> Exercise description: Check every line of the material below for the string "styles", and return the ones that have it.
*** Opening Given information ***
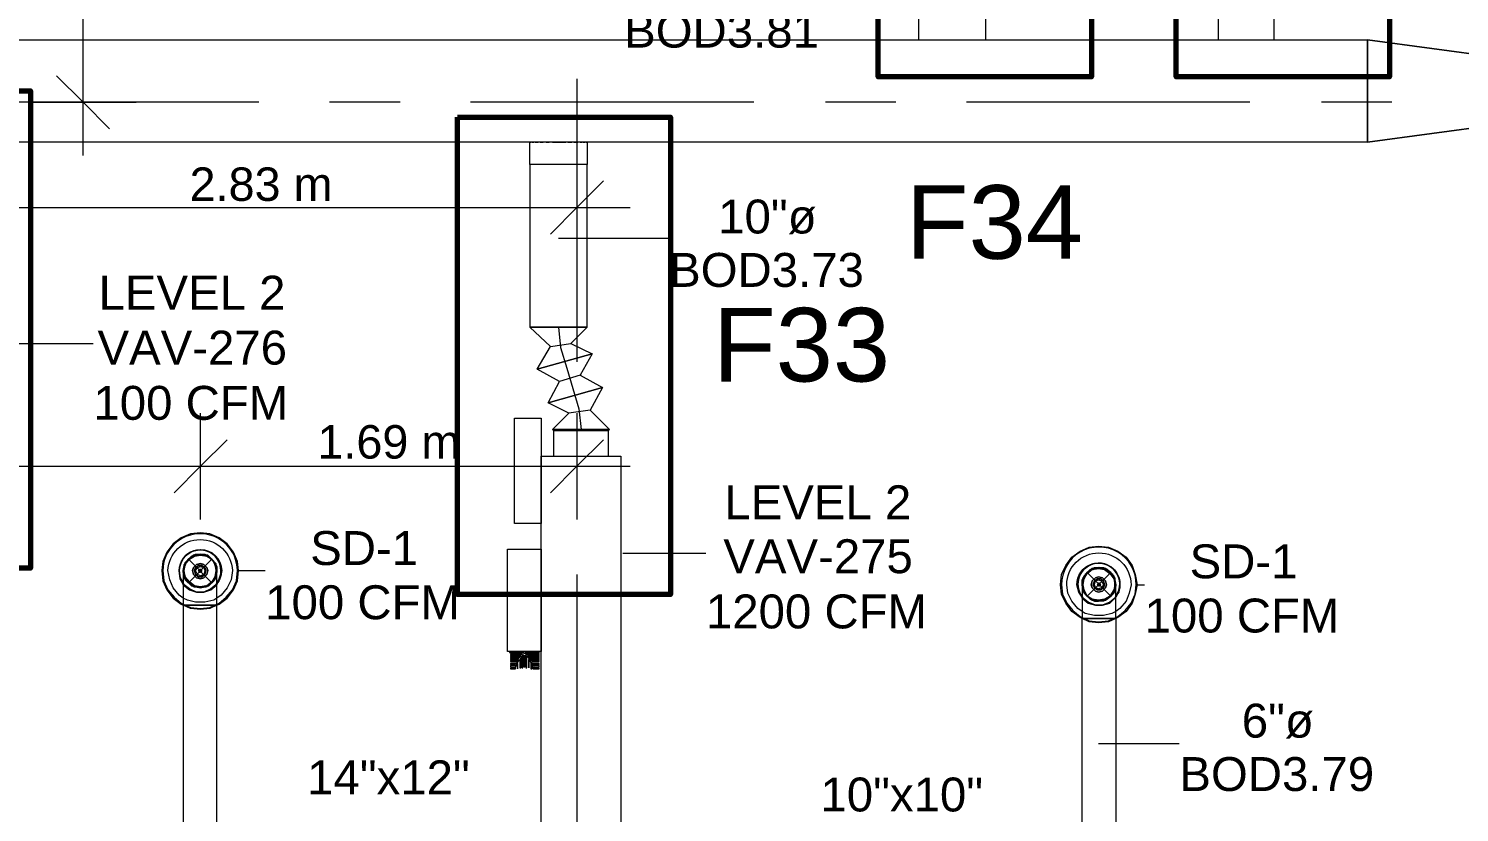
# Model space of a CAD drawing. Header units: metres. Extents: x -2 to 237, y -8 to 52.
# Drawn here: x 13.38 to 19.79, y 10.78 to 14.29 of the extents above; entities that cross this region are included whole.
import ezdxf

# ---------------------------------------------------------------- set-up
doc = ezdxf.new("R2010")
doc.units = ezdxf.units.M
doc.layers.add('HVAC - Ductos', color=5, linetype='Continuous', lineweight=0)
doc.layers.add('PDF2_Text', color=7, linetype='Continuous', lineweight=0)
doc.layers.add('PDF2_Geometry', color=7, linetype='Continuous', lineweight=0, true_color=0xaaaaaa)
doc.styles.add('PDF Arial-BoldMT-Identity-H', font='arial.ttf')
doc.styles.add('PDF Helvetica', font='')
doc.styles.get('PDF Helvetica').set_extended_font_data('Helvetica')

msp = doc.modelspace()

# ---------------------------------------------------------------- linework, layer by layer
at = {"layer": 'HVAC - Ductos', "lineweight": 0}
for points in [[(13.6248, 13.7221), (13.6248, 15.5594), (13.6248, 17.4516), (13.3866, 17.4516), (13.6248, 17.4516), (13.8631, 17.4516), (13.6248, 17.4516)], [(17.3681, 14.3407), (17.3681, 14.2399), (17.3727, 14.2399), (17.3864, 14.2399), (17.4094, 14.2399), (17.4414, 14.2399), (17.478, 14.2399), (17.5193, 14.2399), (17.556, 14.2399), (17.5926, 14.2399), (17.6246, 14.2399), (17.6522, 14.2399), (17.6659, 14.2399), (17.6705, 14.2399), (17.6705, 14.3407)], [(18.9442, 14.2399), (18.9488, 14.2399), (18.9579, 14.2399), (18.9625, 14.2399), (18.9625, 14.3407), (18.9579, 14.3407), (18.9442, 14.3407), (18.9259, 14.3407), (18.8984, 14.3407), (18.8709, 14.3407), (18.8343, 14.3407), (18.8022, 14.3407), (18.7747, 14.3407), (18.7472, 14.3407), (18.7242, 14.3407), (18.7151, 14.3407), (18.7106, 14.3407), (18.7106, 14.2399)], [(18.7106, 14.2399), (18.7106, 14.2399)], [(18.7151, 14.2399), (18.7242, 14.2399)], [(18.7288, 14.2399), (18.738, 14.2399), (18.7426, 14.2399)], [(18.7518, 14.2399), (18.7564, 14.2399), (18.7655, 14.2399)], [(18.7747, 14.2399), (18.7793, 14.2399), (18.7976, 14.2399)], [(18.8068, 14.2399), (18.8343, 14.2399), (18.8663, 14.2399)], [(18.8755, 14.2399), (18.8892, 14.2399), (18.8938, 14.2399)], [(18.9075, 14.2399), (18.9167, 14.2399), (18.9213, 14.2399)], [(18.9305, 14.2399), (18.9351, 14.2399), (18.9396, 14.2399)], [(19.9568, 14.1619), (19.3795, 14.2399), (19.9568, 14.1619)], [(19.3795, 13.7817), (19.3795, 14.2399)], [(13.5057, 14.0794), (13.6248, 13.9604), (13.744, 13.8412)], [(13.3866, 13.9604), (13.6248, 13.9604), (13.8631, 13.9604)], [(15.879, 13.7817), (15.8836, 13.7817), (15.8836, 13.6809), (15.879, 13.6809), (15.8653, 13.6809), (15.847, 13.6809), (15.8195, 13.6809), (15.7874, 13.6809), (15.7554, 13.6809), (15.7233, 13.6809), (15.6912, 13.6809), (15.6683, 13.6809), (15.6454, 13.6809), (15.6317, 13.6809), (15.6271, 13.6809), (15.6271, 13.7817), (15.6317, 13.7817)], [(15.6362, 13.7817), (15.6408, 13.7817), (15.6454, 13.7817)], [(15.65, 13.7817), (15.6591, 13.7817), (15.6637, 13.7817)], [(15.6729, 13.7817), (15.6775, 13.7817), (15.6866, 13.7817)], [(15.7003, 13.7817), (15.7141, 13.7817)], [(15.7279, 13.7817), (15.7554, 13.7817), (15.7828, 13.7817), (15.7874, 13.7817)], [(15.7966, 13.7817), (15.8104, 13.7817), (15.8149, 13.7817)], [(15.8241, 13.7817), (15.8332, 13.7817), (15.8424, 13.7817)], [(15.8378, 13.7267), (15.8378, 13.4885), (15.8378, 13.2502)], [(15.8516, 13.7817), (15.8562, 13.7817), (15.8608, 13.7817)], [(15.8653, 13.7817), (15.8699, 13.7817), (15.8744, 13.7817)], [(15.8104, 12.8791), (15.9066, 12.8332), (15.6591, 12.7646), (15.7187, 12.8654), (15.8104, 12.8791), (15.8836, 12.9524), (15.8836, 13.6809), (15.879, 13.6809), (15.8653, 13.6809), (15.847, 13.6809), (15.8195, 13.6809), (15.7874, 13.6809), (15.7554, 13.6809), (15.7233, 13.6809), (15.6912, 13.6809), (15.6683, 13.6809), (15.6454, 13.6809), (15.6317, 13.6809), (15.6271, 13.6809), (15.6271, 12.9524), (15.8836, 12.9524), (15.6271, 12.9524), (15.7187, 12.8654)], [(15.9569, 13.6076), (15.8378, 13.4885), (15.7187, 13.3694)], [(12.7681, 13.4885), (16.0761, 13.4885)], [(15.7554, 13.351), (16.2501, 13.351)], [(15.7554, 12.9524), (15.7645, 12.8608), (15.792, 12.7692), (15.8195, 12.6775), (15.847, 12.5859), (15.8562, 12.4943)], [(12.9284, 12.3751), (13.1621, 12.8791), (13.6706, 12.8791)], [(15.8516, 12.737), (15.9524, 12.6821), (15.7095, 12.6133), (15.76, 12.7095), (15.6591, 12.7646), (15.9066, 12.8332), (15.8516, 12.737), (15.76, 12.7095)], [(15.8974, 12.5813), (15.9844, 12.4943), (15.7279, 12.4943), (15.8012, 12.5675), (15.7095, 12.6133), (15.9524, 12.6821), (15.8974, 12.5813), (15.8012, 12.5675)], [(14.1518, 12.091), (14.1518, 12.3292), (14.1518, 12.5675)], [(15.8378, 12.5675), (15.8378, 12.3292), (15.8378, 12.091)], [(14.2709, 12.4484), (14.1518, 12.3292), (14.0326, 12.2102)], [(15.9569, 12.4484), (15.8378, 12.3292), (15.7187, 12.2102)], [(15.9844, 12.4943), (15.9752, 12.4943), (15.9569, 12.4943), (15.9295, 12.4943), (15.8974, 12.4943), (15.8562, 12.4943), (15.8149, 12.4943), (15.7828, 12.4943), (15.7554, 12.4943), (15.737, 12.4943), (15.7279, 12.4943)], [(11.5631, 12.3292), (14.1518, 12.3292), (16.0761, 12.3292)], [(14.225, 10.35), (14.225, 11.7062), (14.2342, 11.7108), (14.2709, 11.7382), (14.2984, 11.7749), (14.3167, 11.8161), (14.3212, 11.8619), (14.3167, 11.9032), (14.2984, 11.9445), (14.2709, 11.9811), (14.2342, 12.0085), (14.193, 12.0269), (14.1518, 12.0315), (14.106, 12.0269), (14.0647, 12.0085), (14.028, 11.9811), (14.0006, 11.9445), (13.9822, 11.9032), (13.9777, 11.8619), (13.9822, 11.8161), (14.0006, 11.7749), (14.028, 11.7382), (14.0647, 11.7108), (14.0739, 11.7062), (14.0739, 10.35)], [(14.2204, 11.8894), (14.2022, 11.9123), (14.2159, 11.8986), (14.2204, 11.8802), (14.225, 11.8619), (14.2204, 11.8894), (14.2204, 11.8848), (14.225, 11.8619), (14.2204, 11.8345), (14.2204, 11.8299), (14.2022, 11.807), (14.1792, 11.7886), (14.1518, 11.784), (14.1197, 11.7886), (14.0968, 11.807), (14.0784, 11.8299), (14.0739, 11.8619), (14.0784, 11.8848), (14.083, 11.8894), (14.0968, 11.9123), (14.1197, 11.9261)], [(14.1838, 11.7932), (14.1792, 11.7886), (14.1518, 11.784), (14.1701, 11.7886), (14.1518, 11.7886), (14.1288, 11.7886), (14.1151, 11.7978), (14.0968, 11.807), (14.0876, 11.8253), (14.0784, 11.8391), (14.0784, 11.8619), (14.0784, 11.8802), (14.0876, 11.8986), (14.0968, 11.9123), (14.1151, 11.9215), (14.1288, 11.9307), (14.1518, 11.9353), (14.1701, 11.9307)], [(14.083, 11.894), (14.0968, 11.9123), (14.1197, 11.9307), (14.1242, 11.9307), (14.1518, 11.9353), (14.1746, 11.9307), (14.1792, 11.9307), (14.1518, 11.9353)], [(14.083, 11.8894), (14.083, 11.8986), (14.0968, 11.9123), (14.1106, 11.9261), (14.1197, 11.9307), (14.1242, 11.9307), (14.1288, 11.9353), (14.1518, 11.9353), (14.1701, 11.9353)], [(14.1197, 11.9307), (14.1242, 11.9307)], [(14.1197, 11.9307), (14.1197, 11.9307)], [(14.1242, 11.9307), (14.1472, 11.9353)], [(14.1746, 11.9307), (14.1518, 11.9353), (14.1701, 11.9353), (14.1884, 11.9261), (14.2022, 11.9123), (14.2159, 11.8986), (14.225, 11.8802), (14.225, 11.8619), (14.2204, 11.8391), (14.2159, 11.8253), (14.2022, 11.807), (14.1884, 11.7978), (14.1701, 11.7886), (14.1884, 11.7932), (14.2022, 11.807), (14.2159, 11.8207), (14.225, 11.8391), (14.225, 11.8528), (14.225, 11.8619), (14.225, 11.8574), (14.2204, 11.8299), (14.225, 11.8619), (14.2204, 11.8848)], [(14.1792, 11.9307), (14.2022, 11.9123), (14.1884, 11.9215), (14.1701, 11.9307), (14.1701, 11.9353)], [(14.1701, 11.9307), (14.1746, 11.9307), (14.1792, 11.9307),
*** Closing Given information ***
> Task response:
doc.styles.add('PDF Arial-BoldMT-Identity-H', font='arial.ttf')
doc.styles.add('PDF Helvetica', font='')
doc.styles.get('PDF Helvetica').set_extended_font_data('Helvetica')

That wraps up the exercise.